AVAILABLE DATA below:

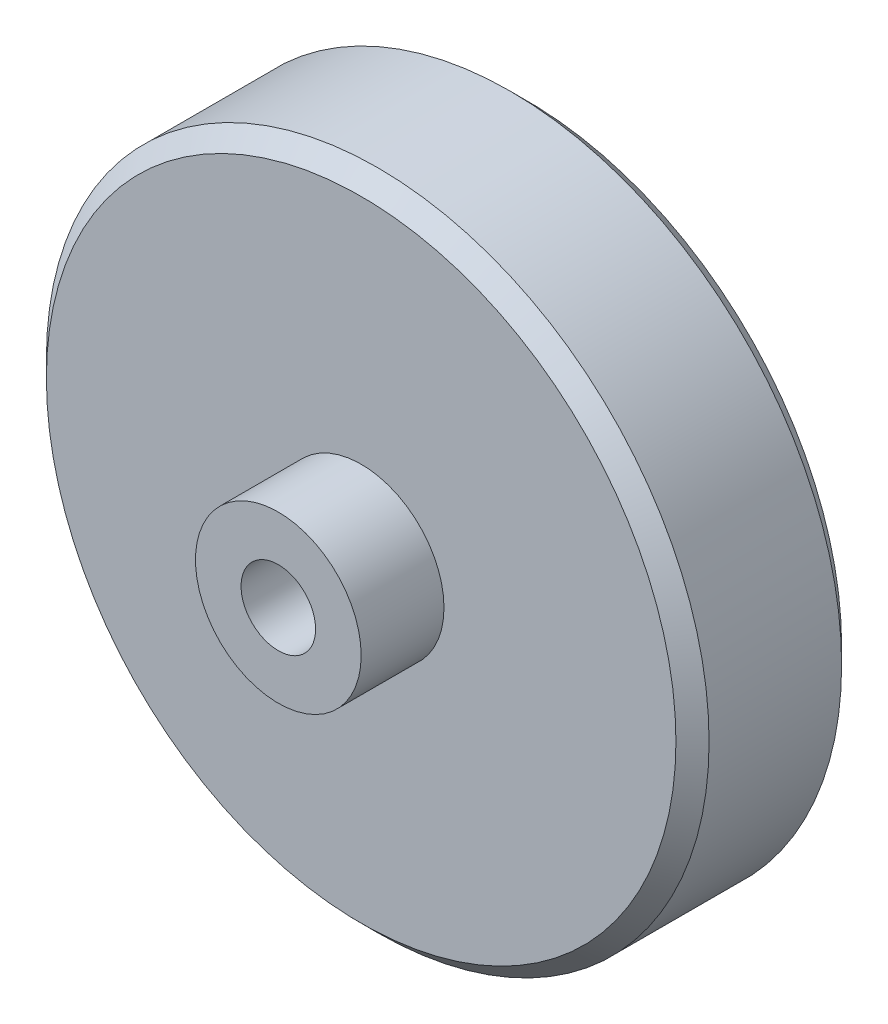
from build123d import *

# Parameters (mm, degrees)
SKETCH1_R      = 20
EXTRUDE1_DEPTH = 10
SKETCH2_R      = 5
EXTRUDE2_DEPTH = 5
SKETCH3_R      = 2.25
EXTRUDE3_DEPTH = 33.015621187
CHAMFER1_SIZE  = 1


with BuildPart() as part:
    # Sketch1 → Extrude1 (new body)
    with BuildSketch(Plane.XY):
        Circle(SKETCH1_R)
    extrude(amount=EXTRUDE1_DEPTH)

    # Sketch2 → Extrude2 (add)
    with BuildSketch(Plane.XY.offset(10)):
        Circle(SKETCH2_R)
    extrude(amount=EXTRUDE2_DEPTH)

    # Sketch3 → Extrude3 (cut, through all)
    with BuildSketch(Plane.XY.offset(15)):
        Circle(SKETCH3_R)
    extrude(amount=-EXTRUDE3_DEPTH, mode=Mode.SUBTRACT)

    # Chamfer1
    chamfer1_edges = [part.edges().sort_by_distance(p)[0] for p in [
        (-20, 0, 0),
        (-20, 0, 10),
    ]]
    chamfer(chamfer1_edges, length=CHAMFER1_SIZE)


solid = part.part
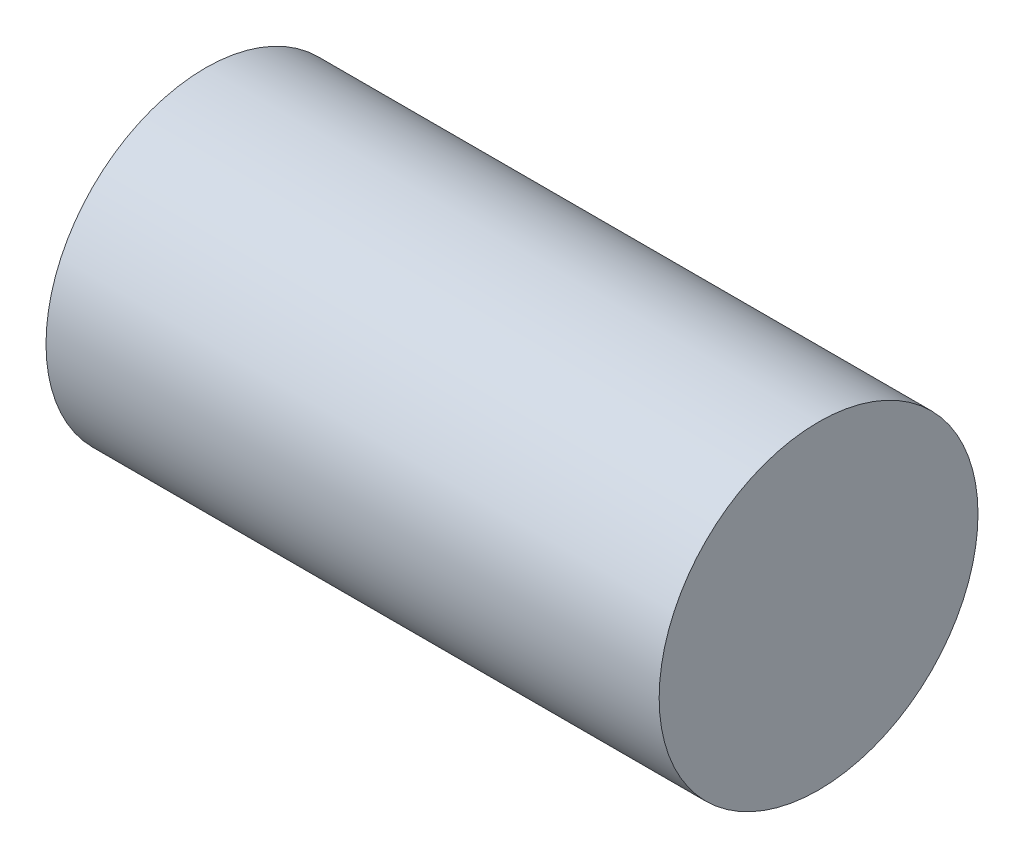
ISO-10303-21;
HEADER;
FILE_DESCRIPTION(('STEP AP214'),'2;1');
FILE_NAME('part.step','',(''),(''),'','','');
FILE_SCHEMA(('AUTOMOTIVE_DESIGN { 1 0 10303 214 1 1 1 1 }'));
ENDSEC;
DATA;
#1=APPLICATION_CONTEXT('core data for automotive mechanical design processes');
#2=APPLICATION_PROTOCOL_DEFINITION('international standard','automotive_design',2000,#1);
#3=PRODUCT_CONTEXT('',#1,'mechanical');
#4=PRODUCT('Part','Part','',(#3));
#5=PRODUCT_RELATED_PRODUCT_CATEGORY('part','',(#4));
#6=PRODUCT_DEFINITION_FORMATION('','',#4);
#7=PRODUCT_DEFINITION_CONTEXT('part definition',#1,'design');
#8=PRODUCT_DEFINITION('design','',#6,#7);
#9=PRODUCT_DEFINITION_SHAPE('','',#8);
#10=(LENGTH_UNIT() NAMED_UNIT(*) SI_UNIT(.MILLI.,.METRE.));
#11=(NAMED_UNIT(*) PLANE_ANGLE_UNIT() SI_UNIT($,.RADIAN.));
#12=(NAMED_UNIT(*) SI_UNIT($,.STERADIAN.) SOLID_ANGLE_UNIT());
#13=UNCERTAINTY_MEASURE_WITH_UNIT(LENGTH_MEASURE(1.E-05),#10,'distance_accuracy_value','');
#14=(GEOMETRIC_REPRESENTATION_CONTEXT(3) GLOBAL_UNCERTAINTY_ASSIGNED_CONTEXT((#13)) GLOBAL_UNIT_ASSIGNED_CONTEXT((#10,
#11,#12)) REPRESENTATION_CONTEXT('',''));
#15=CARTESIAN_POINT('',(0.,0.,0.));
#16=DIRECTION('',(0.,0.,1.));
#17=DIRECTION('',(1.,0.,0.));
#18=AXIS2_PLACEMENT_3D('',#15,#16,#17);
#19=CARTESIAN_POINT('',(1.51,0.,1.5));
#20=DIRECTION('',(1.,0.,0.));
#21=DIRECTION('',(0.,0.,-1.));
#22=AXIS2_PLACEMENT_3D('',#19,#20,#21);
#23=PLANE('',#22);
#24=CARTESIAN_POINT('',(1.51,0.,1.5));
#25=DIRECTION('',(1.,0.,0.));
#26=DIRECTION('',(0.,0.,-1.));
#27=AXIS2_PLACEMENT_3D('',#24,#25,#26);
#28=CIRCLE('',#27,0.259999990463);
#29=CARTESIAN_POINT('',(1.51,0.,1.240000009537));
#30=VERTEX_POINT('',#29);
#31=EDGE_CURVE('E18',#30,#30,#28,.F.);
#32=ORIENTED_EDGE('',*,*,#31,.F.);
#33=EDGE_LOOP('',(#32));
#34=FACE_BOUND('',#33,.T.);
#35=ADVANCED_FACE('F15',(#34),#23,.T.);
#36=CARTESIAN_POINT('',(0.51,0.,1.5));
#37=DIRECTION('',(1.,0.,0.));
#38=DIRECTION('',(0.,0.,-1.));
#39=AXIS2_PLACEMENT_3D('',#36,#37,#38);
#40=PLANE('',#39);
#41=CARTESIAN_POINT('',(0.51,0.,1.5));
#42=DIRECTION('',(1.,0.,0.));
#43=DIRECTION('',(0.,0.,-1.));
#44=AXIS2_PLACEMENT_3D('',#41,#42,#43);
#45=CIRCLE('',#44,0.259999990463);
#46=CARTESIAN_POINT('',(0.51,0.,1.240000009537));
#47=VERTEX_POINT('',#46);
#48=EDGE_CURVE('E10',#47,#47,#45,.T.);
#49=ORIENTED_EDGE('',*,*,#48,.F.);
#50=EDGE_LOOP('',(#49));
#51=FACE_BOUND('',#50,.T.);
#52=ADVANCED_FACE('F30',(#51),#40,.F.);
#53=CARTESIAN_POINT('',(0.51,0.,1.5));
#54=DIRECTION('',(1.,0.,0.));
#55=DIRECTION('',(0.,0.,-1.));
#56=AXIS2_PLACEMENT_3D('',#53,#54,#55);
#57=CYLINDRICAL_SURFACE('',#56,0.259999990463);
#58=ORIENTED_EDGE('',*,*,#48,.T.);
#59=EDGE_LOOP('',(#58));
#60=FACE_BOUND('',#59,.T.);
#61=ORIENTED_EDGE('',*,*,#31,.T.);
#62=EDGE_LOOP('',(#61));
#63=FACE_BOUND('',#62,.T.);
#64=ADVANCED_FACE('F27',(#60,#63),#57,.T.);
#65=CLOSED_SHELL('',(#35,#52,#64));
#66=MANIFOLD_SOLID_BREP('B1',#65);
#67=ADVANCED_BREP_SHAPE_REPRESENTATION('',(#18,#66),#14);
#68=SHAPE_DEFINITION_REPRESENTATION(#9,#67);
ENDSEC;
END-ISO-10303-21;
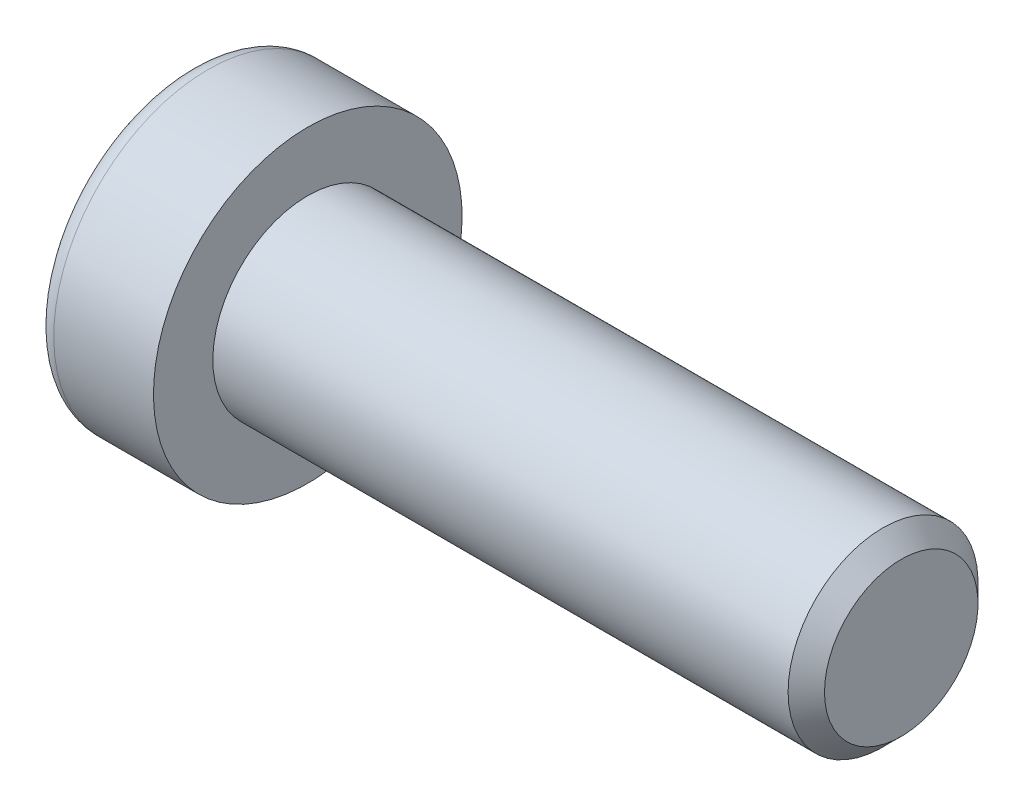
ISO-10303-21;
HEADER;
FILE_DESCRIPTION(('STEP AP214'),'2;1');
FILE_NAME('part.step','',(''),(''),'','','');
FILE_SCHEMA(('AUTOMOTIVE_DESIGN { 1 0 10303 214 1 1 1 1 }'));
ENDSEC;
DATA;
#1=APPLICATION_CONTEXT('core data for automotive mechanical design processes');
#2=APPLICATION_PROTOCOL_DEFINITION('international standard','automotive_design',2000,#1);
#3=PRODUCT_CONTEXT('',#1,'mechanical');
#4=PRODUCT('Part','Part','',(#3));
#5=PRODUCT_RELATED_PRODUCT_CATEGORY('part','',(#4));
#6=PRODUCT_DEFINITION_FORMATION('','',#4);
#7=PRODUCT_DEFINITION_CONTEXT('part definition',#1,'design');
#8=PRODUCT_DEFINITION('design','',#6,#7);
#9=PRODUCT_DEFINITION_SHAPE('','',#8);
#10=(LENGTH_UNIT() NAMED_UNIT(*) SI_UNIT(.MILLI.,.METRE.));
#11=(NAMED_UNIT(*) PLANE_ANGLE_UNIT() SI_UNIT($,.RADIAN.));
#12=(NAMED_UNIT(*) SI_UNIT($,.STERADIAN.) SOLID_ANGLE_UNIT());
#13=UNCERTAINTY_MEASURE_WITH_UNIT(LENGTH_MEASURE(1.E-05),#10,'distance_accuracy_value','');
#14=(GEOMETRIC_REPRESENTATION_CONTEXT(3) GLOBAL_UNCERTAINTY_ASSIGNED_CONTEXT((#13)) GLOBAL_UNIT_ASSIGNED_CONTEXT((#10,
#11,#12)) REPRESENTATION_CONTEXT('',''));
#15=CARTESIAN_POINT('',(0.,0.,0.));
#16=DIRECTION('',(0.,0.,1.));
#17=DIRECTION('',(1.,0.,0.));
#18=AXIS2_PLACEMENT_3D('',#15,#16,#17);
#19=CARTESIAN_POINT('',(-1.21000000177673,0.,0.));
#20=DIRECTION('',(-1.,0.,0.));
#21=DIRECTION('',(0.,0.,1.));
#22=AXIS2_PLACEMENT_3D('',#19,#20,#21);
#23=CONICAL_SURFACE('',#22,2.9040718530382,1.04719754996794);
#24=CARTESIAN_POINT('',(0.466666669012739,-1.13686837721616E-10,0.));
#25=VERTEX_POINT('',#24);
#26=VERTEX_LOOP('',#25);
#27=FACE_BOUND('',#26,.T.);
#28=CARTESIAN_POINT('',(-1.20000000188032,2.50000000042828,1.44337567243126));
#29=CARTESIAN_POINT('',(-1.16336943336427,2.50000000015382,1.31652043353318));
#30=CARTESIAN_POINT('',(-1.13005584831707,2.50000000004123,1.18857018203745));
#31=CARTESIAN_POINT('',(-1.07190798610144,2.49999999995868,0.930454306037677));
#32=CARTESIAN_POINT('',(-1.04709427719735,2.49999999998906,0.800284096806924));
#33=CARTESIAN_POINT('',(-1.00846995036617,2.50000000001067,0.541556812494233));
#34=CARTESIAN_POINT('',(-0.994402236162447,2.50000000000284,0.413039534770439));
#35=CARTESIAN_POINT('',(-0.977611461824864,2.49999999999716,0.155400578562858));
#36=CARTESIAN_POINT('',(-0.974874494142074,2.49999999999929,0.0262798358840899));
#37=CARTESIAN_POINT('',(-0.980582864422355,2.50000000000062,-0.21496841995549));
#38=CARTESIAN_POINT('',(-0.987626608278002,2.50000000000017,-0.327132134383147));
#39=CARTESIAN_POINT('',(-1.00994662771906,2.49999999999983,-0.550728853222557));
#40=CARTESIAN_POINT('',(-1.02523052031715,2.49999999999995,-0.66216108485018));
#41=CARTESIAN_POINT('',(-1.06343729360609,2.50000000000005,-0.886218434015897));
#42=CARTESIAN_POINT('',(-1.08652205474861,2.50000000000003,-0.998815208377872));
#43=CARTESIAN_POINT('',(-1.13891470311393,2.49999999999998,-1.2223298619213));
#44=CARTESIAN_POINT('',(-1.16821028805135,2.49999999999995,-1.33325060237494));
#45=CARTESIAN_POINT('',(-1.20000000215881,2.5,-1.44337567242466));
#46=B_SPLINE_CURVE_WITH_KNOTS('',3,(#28,#29,#30,#31,#32,#33,#34,#35,#36,#37,#38,#39,#40,#41,#42,
#43,#44,#45),.UNSPECIFIED.,.F.,.F.,(4,2,2,2,2,2,2,2,4),(0.,0.396270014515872,0.793492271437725,
1.18088450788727,1.56780111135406,1.90463472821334,2.24178024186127,2.58640202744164,
2.93034746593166),.UNSPECIFIED.);
#47=CARTESIAN_POINT('',(-1.20000000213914,2.49999999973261,1.44337567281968));
#48=VERTEX_POINT('',#47);
#49=CARTESIAN_POINT('',(-1.20000000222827,2.5,-1.44337567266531));
#50=VERTEX_POINT('',#49);
#51=EDGE_CURVE('E20',#48,#50,#46,.T.);
#52=ORIENTED_EDGE('',*,*,#51,.T.);
#53=CARTESIAN_POINT('',(-1.20000000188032,2.49999999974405,-1.44337567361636));
#54=CARTESIAN_POINT('',(-1.16336943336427,2.39014014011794,-1.50680329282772));
#55=CARTESIAN_POINT('',(-1.13005584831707,2.27933197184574,-1.57077841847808));
#56=CARTESIAN_POINT('',(-1.07190798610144,2.05579706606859,-1.69983635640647));
#57=CARTESIAN_POINT('',(-1.04709427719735,1.94306635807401,-1.76492146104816));
#58=CARTESIAN_POINT('',(-1.00846995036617,1.71900195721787,-1.89428510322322));
#59=CARTESIAN_POINT('',(-0.994402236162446,1.60770272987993,-1.95854374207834));
#60=CARTESIAN_POINT('',(-0.977611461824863,1.38458084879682,-2.08736322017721));
#61=CARTESIAN_POINT('',(-0.974874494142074,1.27275900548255,-2.15192359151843));
#62=CARTESIAN_POINT('',(-0.980582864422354,1.06383188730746,-2.27254771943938));
#63=CARTESIAN_POINT('',(-0.987626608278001,0.966695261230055,-2.32862957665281));
#64=CARTESIAN_POINT('',(-1.00994662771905,0.773054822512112,-2.44042793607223));
#65=CARTESIAN_POINT('',(-1.02523052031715,0.676551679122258,-2.49614405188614));
#66=CARTESIAN_POINT('',(-1.06343729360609,0.482512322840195,-2.60817272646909));
#67=CARTESIAN_POINT('',(-1.08652205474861,0.385000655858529,-2.66447111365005));
#68=CARTESIAN_POINT('',(-1.13891470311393,0.191431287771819,-2.77622844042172));
#69=CARTESIAN_POINT('',(-1.16821028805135,0.09537110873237,-2.83168881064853));
#70=CARTESIAN_POINT('',(-1.20000000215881,4.75795613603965E-10,-2.88675134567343));
#71=B_SPLINE_CURVE_WITH_KNOTS('',3,(#53,#54,#55,#56,#57,#58,#59,#60,#61,#62,#63,#64,#65,#66,#67,
#68,#69,#70),.UNSPECIFIED.,.F.,.F.,(4,2,2,2,2,2,2,2,4),(0.,0.396270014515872,0.793492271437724,
1.18088450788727,1.56780111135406,1.90463472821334,2.24178024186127,2.58640202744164,
2.93034746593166),.UNSPECIFIED.);
#72=CARTESIAN_POINT('',(-1.20000000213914,0.,-2.88675134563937));
#73=VERTEX_POINT('',#72);
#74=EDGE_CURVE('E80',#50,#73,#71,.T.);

End of AVAILABLE DATA.

→ **WORK ITEM**
Take the lines above from the one containing "#20=DIRECTION('',(1.,0.,0.));" down to the one containing "#30=VERTEX_POINT('',#29);", and transcribe them exactly, both ends included.

→ **EXPECTED ANSWER**
#20=DIRECTION('',(1.,0.,0.));
#21=DIRECTION('',(0.,0.,-1.));
#22=AXIS2_PLACEMENT_3D('',#19,#20,#21);
#23=PLANE('',#22);
#24=CARTESIAN_POINT('',(1.51,0.,1.5));
#25=DIRECTION('',(1.,0.,0.));
#26=DIRECTION('',(0.,0.,-1.));
#27=AXIS2_PLACEMENT_3D('',#24,#25,#26);
#28=CIRCLE('',#27,0.259999990463);
#29=CARTESIAN_POINT('',(1.51,0.,1.240000009537));
#30=VERTEX_POINT('',#29);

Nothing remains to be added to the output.